From the entries that follow, copy each line containing the word "mechanical".

RECORDS SHOWN:
+--
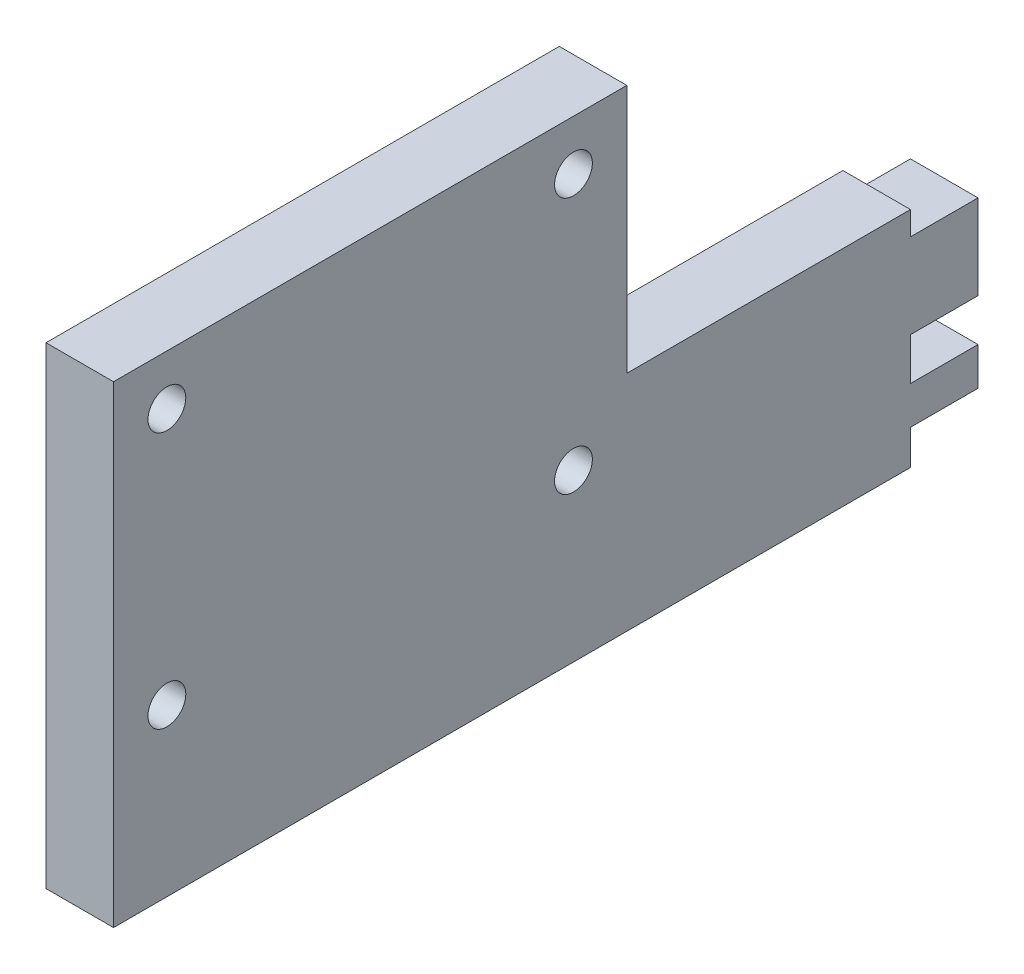
ISO-10303-21;
HEADER;
FILE_DESCRIPTION(('STEP AP214'),'2;1');
FILE_NAME('part.step','',(''),(''),'','','');
FILE_SCHEMA(('AUTOMOTIVE_DESIGN { 1 0 10303 214 1 1 1 1 }'));
ENDSEC;
DATA;
#1=APPLICATION_CONTEXT('core data for automotive mechanical design processes');
#2=APPLICATION_PROTOCOL_DEFINITION('international standard','automotive_design',2000,#1);
#3=PRODUCT_CONTEXT('',#1,'mechanical');
#4=PRODUCT('Part','Part','',(#3));
#5=PRODUCT_RELATED_PRODUCT_CATEGORY('part','',(#4));
#6=PRODUCT_DEFINITION_FORMATION('','',#4);
#7=PRODUCT_DEFINITION_CONTEXT('part definition',#1,'design');
#8=PRODUCT_DEFINITION('design','',#6,#7);
#9=PRODUCT_DEFINITION_SHAPE('','',#8);
#10=(LENGTH_UNIT() NAMED_UNIT(*) SI_UNIT(.MILLI.,.METRE.));
#11=(NAMED_UNIT(*) PLANE_ANGLE_UNIT() SI_UNIT($,.RADIAN.));
#12=(NAMED_UNIT(*) SI_UNIT($,.STERADIAN.) SOLID_ANGLE_UNIT());
#13=UNCERTAINTY_MEASURE_WITH_UNIT(LENGTH_MEASURE(1.E-05),#10,'distance_accuracy_value','');
#14=(GEOMETRIC_REPRESENTATION_CONTEXT(3) GLOBAL_UNCERTAINTY_ASSIGNED_CONTEXT((#13)) GLOBAL_UNIT_ASSIGNED_CONTEXT((#10,
#11,#12)) REPRESENTATION_CONTEXT('',''));
#15=CARTESIAN_POINT('',(0.,0.,0.));
#16=DIRECTION('',(0.,0.,1.));
#17=DIRECTION('',(1.,0.,0.));
#18=AXIS2_PLACEMENT_3D('',#15,#16,#17);
#19=CARTESIAN_POINT('',(5.,0.,0.));
#20=DIRECTION('',(0.,-1.,0.));
#21=DIRECTION('',(0.,0.,-1.));
#22=AXIS2_PLACEMENT_3D('',#19,#20,#21);
#23=PLANE('',#22);
#24=DIRECTION('',(0.,0.,1.));
#25=VECTOR('',#24,1.);
#26=CARTESIAN_POINT('',(0.,0.,0.));
#27=LINE('',#26,#25);
#28=CARTESIAN_POINT('',(0.,0.,0.));
#29=VERTEX_POINT('',#28);
#30=CARTESIAN_POINT('',(0.,0.,21.));
#31=VERTEX_POINT('',#30);
#32=EDGE_CURVE('E183',#29,#31,#27,.T.);
#33=ORIENTED_EDGE('',*,*,#32,.T.);
#34=DIRECTION('',(-1.,0.,0.));
#35=VECTOR('',#34,1.);
#36=CARTESIAN_POINT('',(5.,0.,21.));
#37=LINE('',#36,#35);
#38=CARTESIAN_POINT('',(5.,0.,21.));
#39=VERTEX_POINT('',#38);
#40=EDGE_CURVE('E11',#39,#31,#37,.T.);
#41=ORIENTED_EDGE('',*,*,#40,.F.);
#42=DIRECTION('',(0.,0.,1.));
#43=VECTOR('',#42,1.);
#44=CARTESIAN_POINT('',(5.,0.,0.));
#45=LINE('',#44,#43);
#46=CARTESIAN_POINT('',(5.,0.,0.));
#47=VERTEX_POINT('',#46);
#48=EDGE_CURVE('E262',#47,#39,#45,.T.);
#49=ORIENTED_EDGE('',*,*,#48,.F.);
#50=DIRECTION('',(-1.,0.,0.));
#51=VECTOR('',#50,1.);
#52=CARTESIAN_POINT('',(5.,0.,0.));
#53=LINE('',#52,#51);
#54=EDGE_CURVE('E54',#47,#29,#53,.T.);
#55=ORIENTED_EDGE('',*,*,#54,.T.);
#56=EDGE_LOOP('',(#33,#41,#49,#55));
#57=FACE_BOUND('',#56,.T.);
#58=ADVANCED_FACE('F37',(#57),#23,.F.);
#59=CARTESIAN_POINT('',(5.,0.,21.));
#60=DIRECTION('',(0.,0.,1.));
#61=DIRECTION('',(0.,-1.,0.));
#62=AXIS2_PLACEMENT_3D('',#59,#60,#61);
#63=PLANE('',#62);
#64=DIRECTION('',(0.,1.,0.));
#65=VECTOR('',#64,1.);
#66=CARTESIAN_POINT('',(0.,0.,21.));
#67=LINE('',#66,#65);
#68=CARTESIAN_POINT('',(0.,18.4591204896697,21.));
#69=VERTEX_POINT('',#68);
#70=EDGE_CURVE('E185',#31,#69,#67,.T.);
#71=ORIENTED_EDGE('',*,*,#70,.T.);
#72=DIRECTION('',(-1.,0.,0.));
#73=VECTOR('',#72,1.);
#74=CARTESIAN_POINT('',(5.,18.4591204896697,21.));
#75=LINE('',#74,#73);
#76=CARTESIAN_POINT('',(5.,18.4591204896697,21.));
#77=VERTEX_POINT('',#76);
#78=EDGE_CURVE('E46',#77,#69,#75,.T.);
#79=ORIENTED_EDGE('',*,*,#78,.F.);
#80=DIRECTION('',(0.,1.,0.));
#81=VECTOR('',#80,1.);
#82=CARTESIAN_POINT('',(5.,0.,21.));
#83=LINE('',#82,#81);
#84=EDGE_CURVE('E110',#39,#77,#83,.T.);
#85=ORIENTED_EDGE('',*,*,#84,.F.);
#86=ORIENTED_EDGE('',*,*,#40,.T.);
#87=EDGE_LOOP('',(#71,#79,#85,#86));
#88=FACE_BOUND('',#87,.T.);
#89=ADVANCED_FACE('F246',(#88),#63,.F.);
#90=CARTESIAN_POINT('',(5.,18.4591204896697,0.));
#91=DIRECTION('',(0.,1.,0.));
#92=DIRECTION('',(0.,0.,1.));
#93=AXIS2_PLACEMENT_3D('',#90,#91,#92);
#94=PLANE('',#93);
#95=DIRECTION('',(0.,0.,-1.));
#96=VECTOR('',#95,1.);
#97=CARTESIAN_POINT('',(0.,18.4591204896697,0.));
#98=LINE('',#97,#96);
#99=CARTESIAN_POINT('',(0.,18.4591204896697,59.));
#100=VERTEX_POINT('',#99);
#101=EDGE_CURVE('E188',#100,#69,#98,.T.);
#102=ORIENTED_EDGE('',*,*,#101,.F.);
#103=DIRECTION('',(-1.,0.,0.));
#104=VECTOR('',#103,1.);
#105=CARTESIAN_POINT('',(5.,18.4591204896697,59.));
#106=LINE('',#105,#104);
#107=CARTESIAN_POINT('',(5.,18.4591204896697,59.));
#108=VERTEX_POINT('',#107);
#109=EDGE_CURVE('E239',#108,#100,#106,.T.);
#110=ORIENTED_EDGE('',*,*,#109,.F.);
#111=DIRECTION('',(0.,0.,-1.));
#112=VECTOR('',#111,1.);
#113=CARTESIAN_POINT('',(5.,18.4591204896697,0.));
#114=LINE('',#113,#112);
#115=EDGE_CURVE('E245',#108,#77,#114,.T.);
#116=ORIENTED_EDGE('',*,*,#115,.T.);
#117=ORIENTED_EDGE('',*,*,#78,.T.);
#118=EDGE_LOOP('',(#102,#110,#116,#117));
#119=FACE_BOUND('',#118,.T.);
#120=ADVANCED_FACE('F243',(#119),#94,.T.);
#121=CARTESIAN_POINT('',(5.,0.,59.));
#122=DIRECTION('',(0.,0.,1.));
#123=DIRECTION('',(1.,0.,0.));
#124=AXIS2_PLACEMENT_3D('',#121,#122,#123);
#125=PLANE('',#124);
#126=DIRECTION('',(0.,1.,0.));
#127=VECTOR('',#126,1.);
#128=CARTESIAN_POINT('',(0.,0.,59.));
#129=LINE('',#128,#127);
#130=CARTESIAN_POINT('',(0.,-16.5408795103303,59.));
#131=VERTEX_POINT('',#130);
#132=EDGE_CURVE('E191',#131,#100,#129,.T.);
#133=ORIENTED_EDGE('',*,*,#132,.F.);
#134=DIRECTION('',(-1.,0.,0.));
#135=VECTOR('',#134,1.);
#136=CARTESIAN_POINT('',(5.,-16.5408795103303,59.));
#137=LINE('',#136,#135);
#138=CARTESIAN_POINT('',(5.,-16.5408795103303,59.));
#139=VERTEX_POINT('',#138);
#140=EDGE_CURVE('E237',#139,#131,#137,.T.);
#141=ORIENTED_EDGE('',*,*,#140,.F.);
#142=DIRECTION('',(0.,1.,0.));
#143=VECTOR('',#142,1.);
#144=CARTESIAN_POINT('',(5.,0.,59.));
#145=LINE('',#144,#143);
#146=EDGE_CURVE('E256',#139,#108,#145,.T.);
#147=ORIENTED_EDGE('',*,*,#146,.T.);
#148=ORIENTED_EDGE('',*,*,#109,.T.);
#149=EDGE_LOOP('',(#133,#141,#147,#148));
#150=FACE_BOUND('',#149,.T.);
#151=ADVANCED_FACE('F253',(#150),#125,.T.);
#152=CARTESIAN_POINT('',(5.,-16.5408795103303,0.));
#153=DIRECTION('',(0.,-1.,0.));
#154=DIRECTION('',(0.,0.,-1.));
#155=AXIS2_PLACEMENT_3D('',#152,#153,#154);
#156=PLANE('',#155);
#157=DIRECTION('',(0.,0.,1.));
#158=VECTOR('',#157,1.);
#159=CARTESIAN_POINT('',(0.,-16.5408795103303,0.));
#160=LINE('',#159,#158);
#161=CARTESIAN_POINT('',(0.,-16.5408795103303,0.));
#162=VERTEX_POINT('',#161);
#163=EDGE_CURVE('E194',#162,#131,#160,.T.);
#164=ORIENTED_EDGE('',*,*,#163,.F.);
#165=DIRECTION('',(-1.,0.,0.));
#166=VECTOR('',#165,1.);
#167=CARTESIAN_POINT('',(5.,-16.5408795103303,0.));
#168=LINE('',#167,#166);
#169=CARTESIAN_POINT('',(5.,-16.5408795103303,0.));
#170=VERTEX_POINT('',#169);
#171=EDGE_CURVE('E235',#170,#162,#168,.T.);
#172=ORIENTED_EDGE('',*,*,#171,.F.);
#173=DIRECTION('',(0.,0.,1.));
#174=VECTOR('',#173,1.);
#175=CARTESIAN_POINT('',(5.,-16.5408795103303,0.));
#176=LINE('',#175,#174);
#177=EDGE_CURVE('E260',#170,#139,#176,.T.);
#178=ORIENTED_EDGE('',*,*,#177,.T.);
#179=ORIENTED_EDGE('',*,*,#140,.T.);
#180=EDGE_LOOP('',(#164,#172,#178,#179));
#181=FACE_BOUND('',#180,.T.);
#182=ADVANCED_FACE('F438',(#181),#156,.T.);
#183=CARTESIAN_POINT('',(5.,0.,0.));
#184=DIRECTION('',(0.,0.,-1.));
#185=DIRECTION('',(0.,1.,0.));
#186=AXIS2_PLACEMENT_3D('',#183,#184,#185);
#187=PLANE('',#186);
#188=DIRECTION('',(0.,-1.,0.));
#189=VECTOR('',#188,1.);
#190=CARTESIAN_POINT('',(0.,0.,0.));
#191=LINE('',#190,#189);
#192=CARTESIAN_POINT('',(0.,-13.9635184078165,0.));
#193=VERTEX_POINT('',#192);
#194=EDGE_CURVE('E197',#193,#162,#191,.T.);
#195=ORIENTED_EDGE('',*,*,#194,.F.);
#196=DIRECTION('',(-1.,0.,0.));
#197=VECTOR('',#196,1.);
#198=CARTESIAN_POINT('',(5.,-13.9635184078165,0.));
#199=LINE('',#198,#197);
#200=CARTESIAN_POINT('',(5.,-13.9635184078165,0.));
#201=VERTEX_POINT('',#200);
#202=EDGE_CURVE('E233',#201,#193,#199,.T.);
#203=ORIENTED_EDGE('',*,*,#202,.F.);
#204=DIRECTION('',(0.,-1.,0.));
#205=VECTOR('',#204,1.);
#206=CARTESIAN_POINT('',(5.,0.,0.));
#207=LINE('',#206,#205);
#208=EDGE_CURVE('E267',#201,#170,#207,.T.);
#209=ORIENTED_EDGE('',*,*,#208,.T.);
#210=ORIENTED_EDGE('',*,*,#171,.T.);
#211=EDGE_LOOP('',(#195,#203,#209,#210));
#212=FACE_BOUND('',#211,.T.);
#213=ADVANCED_FACE('F429',(#212),#187,.T.);
#214=CARTESIAN_POINT('',(5.,-13.9635184078165,0.));
#215=DIRECTION('',(0.,1.,0.));
#216=DIRECTION('',(0.,0.,1.));
#217=AXIS2_PLACEMENT_3D('',#214,#215,#216);
#218=PLANE('',#217);
#219=DIRECTION('',(0.,0.,-1.));
#220=VECTOR('',#219,1.);
#221=CARTESIAN_POINT('',(0.,-13.9635184078165,0.));
#222=LINE('',#221,#220);
#223=CARTESIAN_POINT('',(0.,-13.9635184078165,-5.));
#224=VERTEX_POINT('',#223);
#225=EDGE_CURVE('E200',#193,#224,#222,.T.);
#226=ORIENTED_EDGE('',*,*,#225,.T.);
#227=DIRECTION('',(-1.,0.,0.));
#228=VECTOR('',#227,1.);
#229=CARTESIAN_POINT('',(5.,-13.9635184078165,-5.));
#230=LINE('',#229,#228);
#231=CARTESIAN_POINT('',(5.,-13.9635184078165,-5.));
#232=VERTEX_POINT('',#231);
#233=EDGE_CURVE('E231',#232,#224,#230,.T.);
#234=ORIENTED_EDGE('',*,*,#233,.F.);
#235=DIRECTION('',(0.,0.,-1.));
#236=VECTOR('',#235,1.);
#237=CARTESIAN_POINT('',(5.,-13.9635184078165,0.));
#238=LINE('',#237,#236);
#239=EDGE_CURVE('E270',#201,#232,#238,.T.);
#240=ORIENTED_EDGE('',*,*,#239,.F.);
#241=ORIENTED_EDGE('',*,*,#202,.T.);
#242=EDGE_LOOP('',(#226,#234,#240,#241));
#243=FACE_BOUND('',#242,.T.);
#244=ADVANCED_FACE('F420',(#243),#218,.F.);
#245=CARTESIAN_POINT('',(5.,0.,-5.00000000000001));
#246=DIRECTION('',(0.,0.,-1.));
#247=DIRECTION('',(0.,1.,0.));
#248=AXIS2_PLACEMENT_3D('',#245,#246,#247);
#249=PLANE('',#248);
#250=DIRECTION('',(0.,-1.,0.));
#251=VECTOR('',#250,1.);
#252=CARTESIAN_POINT('',(0.,0.,-5.00000000000001));
#253=LINE('',#252,#251);
#254=CARTESIAN_POINT('',(0.,-11.156486180237,-5.));
#255=VERTEX_POINT('',#254);
#256=EDGE_CURVE('E203',#255,#224,#253,.T.);
#257=ORIENTED_EDGE('',*,*,#256,.F.);
#258=DIRECTION('',(-1.,0.,0.));
#259=VECTOR('',#258,1.);
#260=CARTESIAN_POINT('',(5.,-11.156486180237,-5.));
#261=LINE('',#260,#259);
#262=CARTESIAN_POINT('',(5.,-11.156486180237,-5.));
#263=VERTEX_POINT('',#262);
#264=EDGE_CURVE('E229',#263,#255,#261,.T.);
#265=ORIENTED_EDGE('',*,*,#264,.F.);
#266=DIRECTION('',(0.,-1.,0.));
#267=VECTOR('',#266,1.);
#268=CARTESIAN_POINT('',(5.,0.,-5.00000000000001));
#269=LINE('',#268,#267);
#270=EDGE_CURVE('E272',#263,#232,#269,.T.);
#271=ORIENTED_EDGE('',*,*,#270,.T.);
#272=ORIENTED_EDGE('',*,*,#233,.T.);
#273=EDGE_LOOP('',(#257,#265,#271,#272));
#274=FACE_BOUND('',#273,.T.);
#275=ADVANCED_FACE('F412',(#274),#249,.T.);
#276=CARTESIAN_POINT('',(5.,-11.156486180237,0.));
#277=DIRECTION('',(0.,1.,0.));
#278=DIRECTION('',(0.,0.,1.));
#279=AXIS2_PLACEMENT_3D('',#276,#277,#278);
#280=PLANE('',#279);
#281=DIRECTION('',(0.,0.,-1.));
#282=VECTOR('',#281,1.);
#283=CARTESIAN_POINT('',(0.,-11.156486180237,0.));
#284=LINE('',#283,#282);
#285=CARTESIAN_POINT('',(0.,-11.156486180237,0.));
#286=VERTEX_POINT('',#285);
#287=EDGE_CURVE('E206',#286,#255,#284,.T.);
#288=ORIENTED_EDGE('',*,*,#287,.F.);
#289=DIRECTION('',(-1.,0.,0.));
#290=VECTOR('',#289,1.);
#291=CARTESIAN_POINT('',(5.,-11.156486180237,0.));
#292=LINE('',#291,#290);
#293=CARTESIAN_POINT('',(5.,-11.156486180237,0.));
#294=VERTEX_POINT('',#293);
#295=EDGE_CURVE('E227',#294,#286,#292,.T.);
#296=ORIENTED_EDGE('',*,*,#295,.F.);
#297=DIRECTION('',(0.,0.,-1.));
#298=VECTOR('',#297,1.);
#299=CARTESIAN_POINT('',(5.,-11.156486180237,0.));
#300=LINE('',#299,#298);
#301=EDGE_CURVE('E275',#294,#263,#300,.T.);
#302=ORIENTED_EDGE('',*,*,#301,.T.);
#303=ORIENTED_EDGE('',*,*,#264,.T.);
#304=EDGE_LOOP('',(#288,#296,#302,#303));
#305=FACE_BOUND('',#304,.T.);
#306=ADVANCED_FACE('F287',(#305),#280,.T.);
#307=CARTESIAN_POINT('',(5.,0.,0.));
#308=DIRECTION('',(0.,0.,-1.));
#309=DIRECTION('',(0.,1.,0.));
#310=AXIS2_PLACEMENT_3D('',#307,#308,#309);
#311=PLANE('',#310);
#312=DIRECTION('',(0.,-1.,0.));
#313=VECTOR('',#312,1.);
#314=CARTESIAN_POINT('',(0.,0.,0.));
#315=LINE('',#314,#313);
#316=CARTESIAN_POINT('',(0.,-8.02498397090545,0.));
#317=VERTEX_POINT('',#316);
#318=EDGE_CURVE('E209',#317,#286,#315,.T.);
#319=ORIENTED_EDGE('',*,*,#318,.F.);
#320=DIRECTION('',(-1.,0.,0.));
#321=VECTOR('',#320,1.);
#322=CARTESIAN_POINT('',(5.,-8.02498397090545,0.));
#323=LINE('',#322,#321);
#324=CARTESIAN_POINT('',(5.,-8.02498397090545,0.));
#325=VERTEX_POINT('',#324);
#326=EDGE_CURVE('E225',#325,#317,#323,.T.);
#327=ORIENTED_EDGE('',*,*,#326,.F.);
#328=DIRECTION('',(0.,-1.,0.));
#329=VECTOR('',#328,1.);
#330=CARTESIAN_POINT('',(5.,0.,0.));
#331=LINE('',#330,#329);
#332=EDGE_CURVE('E278',#325,#294,#331,.T.);
#333=ORIENTED_EDGE('',*,*,#332,.T.);
#334=ORIENTED_EDGE('',*,*,#295,.T.);
#335=EDGE_LOOP('',(#319,#327,#333,#334));
#336=FACE_BOUND('',#335,.T.);
#337=ADVANCED_FACE('F282',(#336),#311,.T.);
#338=CARTESIAN_POINT('',(5.,-8.02498397090545,0.));
#339=DIRECTION('',(0.,1.,0.));
#340=DIRECTION('',(0.,0.,1.));
#341=AXIS2_PLACEMENT_3D('',#338,#339,#340);
#342=PLANE('',#341);
#343=DIRECTION('',(0.,0.,-1.));
#344=VECTOR('',#343,1.);
#345=CARTESIAN_POINT('',(0.,-8.02498397090545,0.));
#346=LINE('',#345,#344);
#347=CARTESIAN_POINT('',(0.,-8.02498397090545,-5.));
#348=VERTEX_POINT('',#347);
#349=EDGE_CURVE('E212',#317,#348,#346,.T.);
#350=ORIENTED_EDGE('',*,*,#349,.T.);
#351=DIRECTION('',(-1.,0.,0.));
#352=VECTOR('',#351,1.);
#353=CARTESIAN_POINT('',(5.,-8.02498397090545,-5.));
#354=LINE('',#353,#352);
#355=CARTESIAN_POINT('',(5.,-8.02498397090545,-5.));
#356=VERTEX_POINT('',#355);
#357=EDGE_CURVE('E153',#356,#348,#354,.T.);
#358=ORIENTED_EDGE('',*,*,#357,.F.);
#359=DIRECTION('',(0.,0.,-1.));
#360=VECTOR('',#359,1.);
#361=CARTESIAN_POINT('',(5.,-8.02498397090545,0.));
#362=LINE('',#361,#360);
#363=EDGE_CURVE('E162',#325,#356,#362,.T.);
#364=ORIENTED_EDGE('',*,*,#363,.F.);
#365=ORIENTED_EDGE('',*,*,#326,.T.);
#366=EDGE_LOOP('',(#350,#358,#364,#365));
#367=FACE_BOUND('',#366,.T.);
#368=ADVANCED_FACE('F291',(#367),#342,.F.);
#369=CARTESIAN_POINT('',(5.,0.,-5.));
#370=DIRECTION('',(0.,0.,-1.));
+--
RESPONSE BOX:
#1=APPLICATION_CONTEXT('core data for automotive mechanical design processes');
#3=PRODUCT_CONTEXT('',#1,'mechanical');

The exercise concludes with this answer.